▶ _Activity_
The line containing "#51=VERTEX_POINT('',#50);" marks the end; return exactly every line from the start of the records up to and including it, but no pictures.

▶ _Supplied entries_
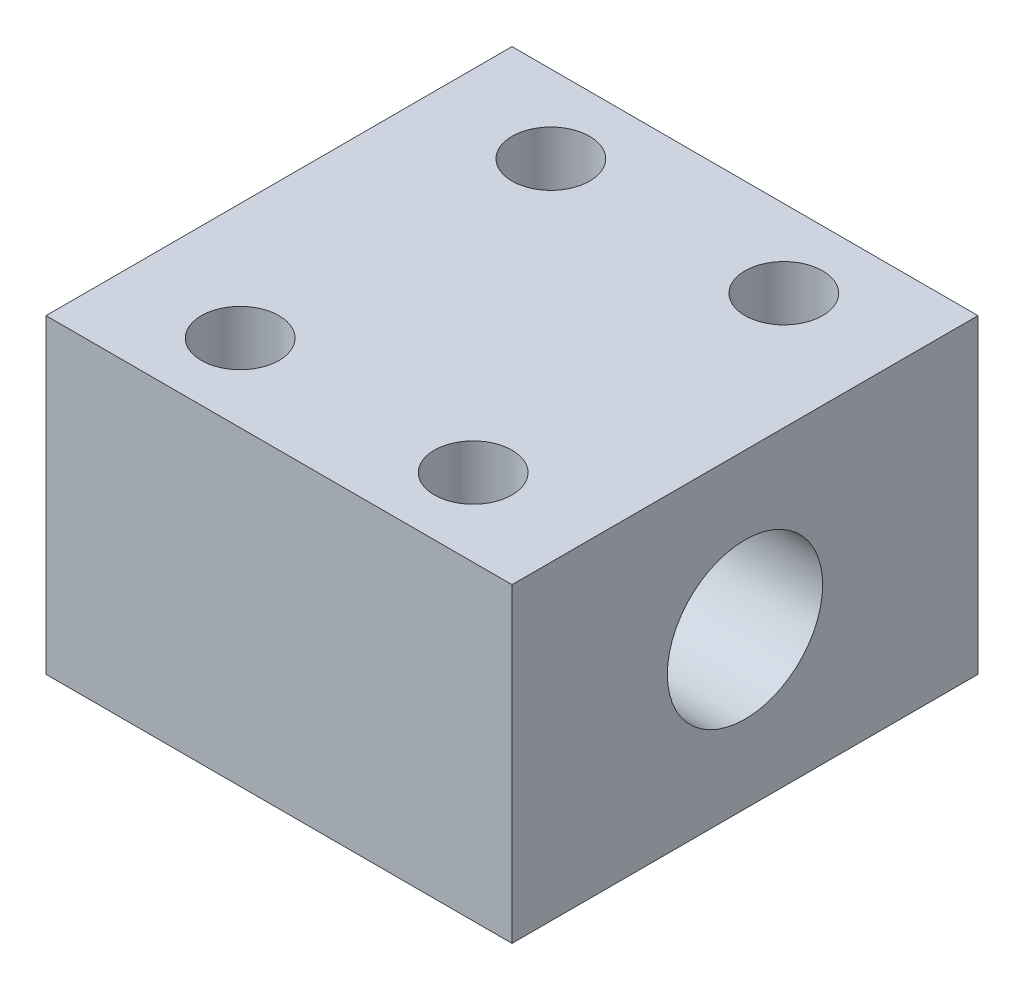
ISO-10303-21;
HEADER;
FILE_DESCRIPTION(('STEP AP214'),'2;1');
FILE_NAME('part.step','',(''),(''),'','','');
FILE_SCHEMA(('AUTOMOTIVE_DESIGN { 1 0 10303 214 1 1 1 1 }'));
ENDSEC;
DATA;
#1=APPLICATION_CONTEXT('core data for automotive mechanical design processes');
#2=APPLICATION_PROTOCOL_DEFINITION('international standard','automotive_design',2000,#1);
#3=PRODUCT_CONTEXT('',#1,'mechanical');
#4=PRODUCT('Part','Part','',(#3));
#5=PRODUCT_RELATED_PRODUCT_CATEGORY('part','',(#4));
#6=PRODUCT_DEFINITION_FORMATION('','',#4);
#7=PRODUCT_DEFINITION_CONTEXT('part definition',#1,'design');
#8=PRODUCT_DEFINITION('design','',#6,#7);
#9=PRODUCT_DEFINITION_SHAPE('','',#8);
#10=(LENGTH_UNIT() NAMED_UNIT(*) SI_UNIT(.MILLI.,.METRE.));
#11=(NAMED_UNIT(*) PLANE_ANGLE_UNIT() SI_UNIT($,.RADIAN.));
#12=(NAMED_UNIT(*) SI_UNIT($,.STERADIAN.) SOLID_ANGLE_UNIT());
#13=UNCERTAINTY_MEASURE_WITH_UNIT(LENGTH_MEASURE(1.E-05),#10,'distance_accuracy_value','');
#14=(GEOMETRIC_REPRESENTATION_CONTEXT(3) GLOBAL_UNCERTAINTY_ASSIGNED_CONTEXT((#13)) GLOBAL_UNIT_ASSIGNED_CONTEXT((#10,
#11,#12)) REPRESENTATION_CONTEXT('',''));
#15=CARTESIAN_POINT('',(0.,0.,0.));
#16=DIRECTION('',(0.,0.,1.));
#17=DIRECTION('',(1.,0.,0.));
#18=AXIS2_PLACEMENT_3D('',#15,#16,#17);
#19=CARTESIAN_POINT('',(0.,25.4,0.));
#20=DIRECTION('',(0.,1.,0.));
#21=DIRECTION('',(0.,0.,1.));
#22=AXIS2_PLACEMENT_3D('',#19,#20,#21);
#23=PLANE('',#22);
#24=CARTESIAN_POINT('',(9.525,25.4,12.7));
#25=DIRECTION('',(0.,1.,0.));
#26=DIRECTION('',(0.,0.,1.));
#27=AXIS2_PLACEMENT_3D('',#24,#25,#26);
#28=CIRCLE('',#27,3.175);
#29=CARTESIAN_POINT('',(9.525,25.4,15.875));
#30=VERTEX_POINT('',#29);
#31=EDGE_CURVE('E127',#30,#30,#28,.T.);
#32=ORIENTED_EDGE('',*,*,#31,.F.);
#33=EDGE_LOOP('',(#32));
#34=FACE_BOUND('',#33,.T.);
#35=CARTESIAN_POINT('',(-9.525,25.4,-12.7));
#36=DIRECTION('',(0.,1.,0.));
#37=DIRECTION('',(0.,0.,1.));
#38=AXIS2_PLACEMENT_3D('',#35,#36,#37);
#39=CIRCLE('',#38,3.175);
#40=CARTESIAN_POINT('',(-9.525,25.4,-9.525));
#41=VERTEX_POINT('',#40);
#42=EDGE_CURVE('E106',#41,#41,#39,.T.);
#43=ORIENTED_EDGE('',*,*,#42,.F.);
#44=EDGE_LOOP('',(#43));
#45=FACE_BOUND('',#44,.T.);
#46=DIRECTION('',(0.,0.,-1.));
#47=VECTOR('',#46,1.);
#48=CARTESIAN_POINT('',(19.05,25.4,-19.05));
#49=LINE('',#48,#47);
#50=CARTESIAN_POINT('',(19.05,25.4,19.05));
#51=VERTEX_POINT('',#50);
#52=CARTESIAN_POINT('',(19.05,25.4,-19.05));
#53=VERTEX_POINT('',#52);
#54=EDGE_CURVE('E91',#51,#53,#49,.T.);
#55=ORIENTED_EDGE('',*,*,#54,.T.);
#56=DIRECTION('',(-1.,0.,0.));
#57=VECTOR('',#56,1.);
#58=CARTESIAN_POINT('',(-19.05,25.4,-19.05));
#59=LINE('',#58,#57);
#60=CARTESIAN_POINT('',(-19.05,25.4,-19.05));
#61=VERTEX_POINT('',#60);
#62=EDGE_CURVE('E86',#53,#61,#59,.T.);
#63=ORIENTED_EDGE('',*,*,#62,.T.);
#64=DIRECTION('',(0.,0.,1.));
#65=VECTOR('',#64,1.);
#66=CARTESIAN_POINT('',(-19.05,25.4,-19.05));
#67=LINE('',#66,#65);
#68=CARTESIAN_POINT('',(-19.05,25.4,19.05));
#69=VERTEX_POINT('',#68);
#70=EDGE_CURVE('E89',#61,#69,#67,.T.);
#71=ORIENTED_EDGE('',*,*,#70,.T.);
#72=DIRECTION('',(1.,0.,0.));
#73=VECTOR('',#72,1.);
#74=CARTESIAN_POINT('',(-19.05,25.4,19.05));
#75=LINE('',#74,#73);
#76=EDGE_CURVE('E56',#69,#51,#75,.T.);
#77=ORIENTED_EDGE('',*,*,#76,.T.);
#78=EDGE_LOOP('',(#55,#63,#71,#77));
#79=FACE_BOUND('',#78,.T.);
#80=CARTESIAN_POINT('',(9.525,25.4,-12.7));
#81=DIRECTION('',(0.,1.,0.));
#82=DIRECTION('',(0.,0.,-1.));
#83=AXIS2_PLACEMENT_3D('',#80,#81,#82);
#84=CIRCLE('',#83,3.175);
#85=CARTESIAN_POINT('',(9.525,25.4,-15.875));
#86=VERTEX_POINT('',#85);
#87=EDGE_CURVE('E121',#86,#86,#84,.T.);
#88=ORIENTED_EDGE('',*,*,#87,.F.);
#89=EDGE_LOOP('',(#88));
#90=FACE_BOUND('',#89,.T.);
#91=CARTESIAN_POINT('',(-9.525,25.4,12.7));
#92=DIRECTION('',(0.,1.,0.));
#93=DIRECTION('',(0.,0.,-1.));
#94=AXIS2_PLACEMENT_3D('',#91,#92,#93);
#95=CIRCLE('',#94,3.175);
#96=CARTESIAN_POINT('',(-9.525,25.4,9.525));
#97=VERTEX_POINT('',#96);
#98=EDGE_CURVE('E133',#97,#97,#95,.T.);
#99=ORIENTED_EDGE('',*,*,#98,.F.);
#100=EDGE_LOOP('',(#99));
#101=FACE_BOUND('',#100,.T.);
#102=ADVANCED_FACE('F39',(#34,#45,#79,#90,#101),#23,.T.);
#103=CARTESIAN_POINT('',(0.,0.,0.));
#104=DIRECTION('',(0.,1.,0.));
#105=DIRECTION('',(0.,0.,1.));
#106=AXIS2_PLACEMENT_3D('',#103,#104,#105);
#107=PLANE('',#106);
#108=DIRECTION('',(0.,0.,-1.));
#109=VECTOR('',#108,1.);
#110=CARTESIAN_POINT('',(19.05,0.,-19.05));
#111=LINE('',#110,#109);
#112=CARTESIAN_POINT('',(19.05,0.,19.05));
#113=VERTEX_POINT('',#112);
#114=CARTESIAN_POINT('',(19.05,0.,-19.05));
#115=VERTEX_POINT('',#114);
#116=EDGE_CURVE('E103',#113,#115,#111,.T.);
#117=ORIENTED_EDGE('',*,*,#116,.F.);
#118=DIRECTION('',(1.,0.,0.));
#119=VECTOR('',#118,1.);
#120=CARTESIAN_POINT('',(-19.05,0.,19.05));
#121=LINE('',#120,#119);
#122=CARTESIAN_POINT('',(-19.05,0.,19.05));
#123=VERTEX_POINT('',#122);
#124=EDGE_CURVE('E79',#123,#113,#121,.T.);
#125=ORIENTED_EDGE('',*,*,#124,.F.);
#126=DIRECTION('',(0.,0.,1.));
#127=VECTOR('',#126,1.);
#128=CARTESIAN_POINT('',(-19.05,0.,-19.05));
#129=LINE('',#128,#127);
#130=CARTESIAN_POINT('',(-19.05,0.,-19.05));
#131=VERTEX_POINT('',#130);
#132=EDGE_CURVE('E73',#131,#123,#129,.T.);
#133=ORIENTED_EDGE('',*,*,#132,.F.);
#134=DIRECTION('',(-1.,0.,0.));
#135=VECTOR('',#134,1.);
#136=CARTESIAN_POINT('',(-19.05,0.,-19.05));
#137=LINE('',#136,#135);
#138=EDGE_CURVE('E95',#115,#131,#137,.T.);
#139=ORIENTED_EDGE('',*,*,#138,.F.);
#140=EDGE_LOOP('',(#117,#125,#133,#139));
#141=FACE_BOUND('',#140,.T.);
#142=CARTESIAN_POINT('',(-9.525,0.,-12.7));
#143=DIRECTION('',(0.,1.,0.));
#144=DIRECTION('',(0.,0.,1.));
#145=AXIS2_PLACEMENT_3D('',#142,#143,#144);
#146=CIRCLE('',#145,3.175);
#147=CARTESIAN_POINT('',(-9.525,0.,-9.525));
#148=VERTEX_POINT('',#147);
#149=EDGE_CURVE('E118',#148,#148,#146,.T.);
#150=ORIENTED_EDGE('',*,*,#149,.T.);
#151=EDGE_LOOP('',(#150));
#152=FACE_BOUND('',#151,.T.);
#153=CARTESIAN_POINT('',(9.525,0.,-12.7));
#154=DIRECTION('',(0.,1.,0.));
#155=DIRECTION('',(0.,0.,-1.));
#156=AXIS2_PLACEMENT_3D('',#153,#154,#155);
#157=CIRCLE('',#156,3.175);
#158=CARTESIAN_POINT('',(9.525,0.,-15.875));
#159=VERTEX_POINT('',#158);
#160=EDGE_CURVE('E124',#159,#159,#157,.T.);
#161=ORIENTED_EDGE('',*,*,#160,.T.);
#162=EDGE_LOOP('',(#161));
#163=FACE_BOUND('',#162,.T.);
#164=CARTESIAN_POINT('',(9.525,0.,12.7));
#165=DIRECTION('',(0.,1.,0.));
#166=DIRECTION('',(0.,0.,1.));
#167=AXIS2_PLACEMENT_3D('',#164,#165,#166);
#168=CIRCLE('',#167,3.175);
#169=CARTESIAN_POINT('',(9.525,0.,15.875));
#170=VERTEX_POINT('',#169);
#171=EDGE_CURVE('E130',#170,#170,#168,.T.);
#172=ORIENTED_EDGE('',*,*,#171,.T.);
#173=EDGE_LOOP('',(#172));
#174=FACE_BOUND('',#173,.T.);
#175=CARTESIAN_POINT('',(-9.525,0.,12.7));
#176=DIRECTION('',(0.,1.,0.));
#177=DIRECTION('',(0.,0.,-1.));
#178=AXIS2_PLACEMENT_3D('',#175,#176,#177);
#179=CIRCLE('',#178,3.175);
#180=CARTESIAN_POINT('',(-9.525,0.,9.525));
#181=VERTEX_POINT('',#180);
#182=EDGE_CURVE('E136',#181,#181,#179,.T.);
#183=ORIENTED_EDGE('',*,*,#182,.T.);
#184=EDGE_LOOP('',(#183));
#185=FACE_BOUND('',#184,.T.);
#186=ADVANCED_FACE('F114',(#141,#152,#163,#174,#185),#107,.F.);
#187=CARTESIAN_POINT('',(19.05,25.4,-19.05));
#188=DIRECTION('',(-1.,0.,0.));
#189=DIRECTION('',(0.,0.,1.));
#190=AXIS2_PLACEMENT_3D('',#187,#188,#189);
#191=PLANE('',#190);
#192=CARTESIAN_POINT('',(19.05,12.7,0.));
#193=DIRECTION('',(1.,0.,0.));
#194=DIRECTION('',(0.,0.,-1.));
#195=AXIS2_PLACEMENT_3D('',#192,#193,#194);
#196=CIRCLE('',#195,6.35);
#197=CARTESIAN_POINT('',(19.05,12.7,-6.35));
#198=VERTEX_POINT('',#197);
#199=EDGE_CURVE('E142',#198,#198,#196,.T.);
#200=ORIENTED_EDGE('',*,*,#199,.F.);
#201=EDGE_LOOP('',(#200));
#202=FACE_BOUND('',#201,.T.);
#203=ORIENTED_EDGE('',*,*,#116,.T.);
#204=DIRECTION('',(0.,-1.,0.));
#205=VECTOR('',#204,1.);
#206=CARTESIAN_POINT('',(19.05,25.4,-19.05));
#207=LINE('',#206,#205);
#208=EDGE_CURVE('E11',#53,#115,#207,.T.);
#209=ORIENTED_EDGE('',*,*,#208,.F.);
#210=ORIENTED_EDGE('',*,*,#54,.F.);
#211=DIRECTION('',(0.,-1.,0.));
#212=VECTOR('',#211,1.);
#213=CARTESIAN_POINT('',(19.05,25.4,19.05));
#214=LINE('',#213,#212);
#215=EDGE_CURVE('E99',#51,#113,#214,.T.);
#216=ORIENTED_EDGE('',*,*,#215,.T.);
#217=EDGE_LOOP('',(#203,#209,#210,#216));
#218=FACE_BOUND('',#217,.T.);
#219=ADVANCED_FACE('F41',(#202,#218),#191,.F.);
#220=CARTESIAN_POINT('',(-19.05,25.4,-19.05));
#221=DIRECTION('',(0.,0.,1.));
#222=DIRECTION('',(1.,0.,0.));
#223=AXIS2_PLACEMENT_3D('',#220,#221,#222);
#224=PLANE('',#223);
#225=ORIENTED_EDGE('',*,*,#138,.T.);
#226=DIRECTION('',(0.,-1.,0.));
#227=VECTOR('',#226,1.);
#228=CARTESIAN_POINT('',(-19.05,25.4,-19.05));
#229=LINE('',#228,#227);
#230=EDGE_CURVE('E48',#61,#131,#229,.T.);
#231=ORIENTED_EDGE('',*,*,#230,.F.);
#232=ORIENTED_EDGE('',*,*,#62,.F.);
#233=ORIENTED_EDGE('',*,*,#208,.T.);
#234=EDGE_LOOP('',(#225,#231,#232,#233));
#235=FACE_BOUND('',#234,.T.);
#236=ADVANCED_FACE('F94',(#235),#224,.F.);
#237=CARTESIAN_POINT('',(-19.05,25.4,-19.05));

▶ _Solution to the problem_
ISO-10303-21;
HEADER;
FILE_DESCRIPTION(('STEP AP214'),'2;1');
FILE_NAME('part.step','',(''),(''),'','','');
FILE_SCHEMA(('AUTOMOTIVE_DESIGN { 1 0 10303 214 1 1 1 1 }'));
ENDSEC;
DATA;
#1=APPLICATION_CONTEXT('core data for automotive mechanical design processes');
#2=APPLICATION_PROTOCOL_DEFINITION('international standard','automotive_design',2000,#1);
#3=PRODUCT_CONTEXT('',#1,'mechanical');
#4=PRODUCT('Part','Part','',(#3));
#5=PRODUCT_RELATED_PRODUCT_CATEGORY('part','',(#4));
#6=PRODUCT_DEFINITION_FORMATION('','',#4);
#7=PRODUCT_DEFINITION_CONTEXT('part definition',#1,'design');
#8=PRODUCT_DEFINITION('design','',#6,#7);
#9=PRODUCT_DEFINITION_SHAPE('','',#8);
#10=(LENGTH_UNIT() NAMED_UNIT(*) SI_UNIT(.MILLI.,.METRE.));
#11=(NAMED_UNIT(*) PLANE_ANGLE_UNIT() SI_UNIT($,.RADIAN.));
#12=(NAMED_UNIT(*) SI_UNIT($,.STERADIAN.) SOLID_ANGLE_UNIT());
#13=UNCERTAINTY_MEASURE_WITH_UNIT(LENGTH_MEASURE(1.E-05),#10,'distance_accuracy_value','');
#14=(GEOMETRIC_REPRESENTATION_CONTEXT(3) GLOBAL_UNCERTAINTY_ASSIGNED_CONTEXT((#13)) GLOBAL_UNIT_ASSIGNED_CONTEXT((#10,
#11,#12)) REPRESENTATION_CONTEXT('',''));
#15=CARTESIAN_POINT('',(0.,0.,0.));
#16=DIRECTION('',(0.,0.,1.));
#17=DIRECTION('',(1.,0.,0.));
#18=AXIS2_PLACEMENT_3D('',#15,#16,#17);
#19=CARTESIAN_POINT('',(0.,25.4,0.));
#20=DIRECTION('',(0.,1.,0.));
#21=DIRECTION('',(0.,0.,1.));
#22=AXIS2_PLACEMENT_3D('',#19,#20,#21);
#23=PLANE('',#22);
#24=CARTESIAN_POINT('',(9.525,25.4,12.7));
#25=DIRECTION('',(0.,1.,0.));
#26=DIRECTION('',(0.,0.,1.));
#27=AXIS2_PLACEMENT_3D('',#24,#25,#26);
#28=CIRCLE('',#27,3.175);
#29=CARTESIAN_POINT('',(9.525,25.4,15.875));
#30=VERTEX_POINT('',#29);
#31=EDGE_CURVE('E127',#30,#30,#28,.T.);
#32=ORIENTED_EDGE('',*,*,#31,.F.);
#33=EDGE_LOOP('',(#32));
#34=FACE_BOUND('',#33,.T.);
#35=CARTESIAN_POINT('',(-9.525,25.4,-12.7));
#36=DIRECTION('',(0.,1.,0.));
#37=DIRECTION('',(0.,0.,1.));
#38=AXIS2_PLACEMENT_3D('',#35,#36,#37);
#39=CIRCLE('',#38,3.175);
#40=CARTESIAN_POINT('',(-9.525,25.4,-9.525));
#41=VERTEX_POINT('',#40);
#42=EDGE_CURVE('E106',#41,#41,#39,.T.);
#43=ORIENTED_EDGE('',*,*,#42,.F.);
#44=EDGE_LOOP('',(#43));
#45=FACE_BOUND('',#44,.T.);
#46=DIRECTION('',(0.,0.,-1.));
#47=VECTOR('',#46,1.);
#48=CARTESIAN_POINT('',(19.05,25.4,-19.05));
#49=LINE('',#48,#47);
#50=CARTESIAN_POINT('',(19.05,25.4,19.05));
#51=VERTEX_POINT('',#50);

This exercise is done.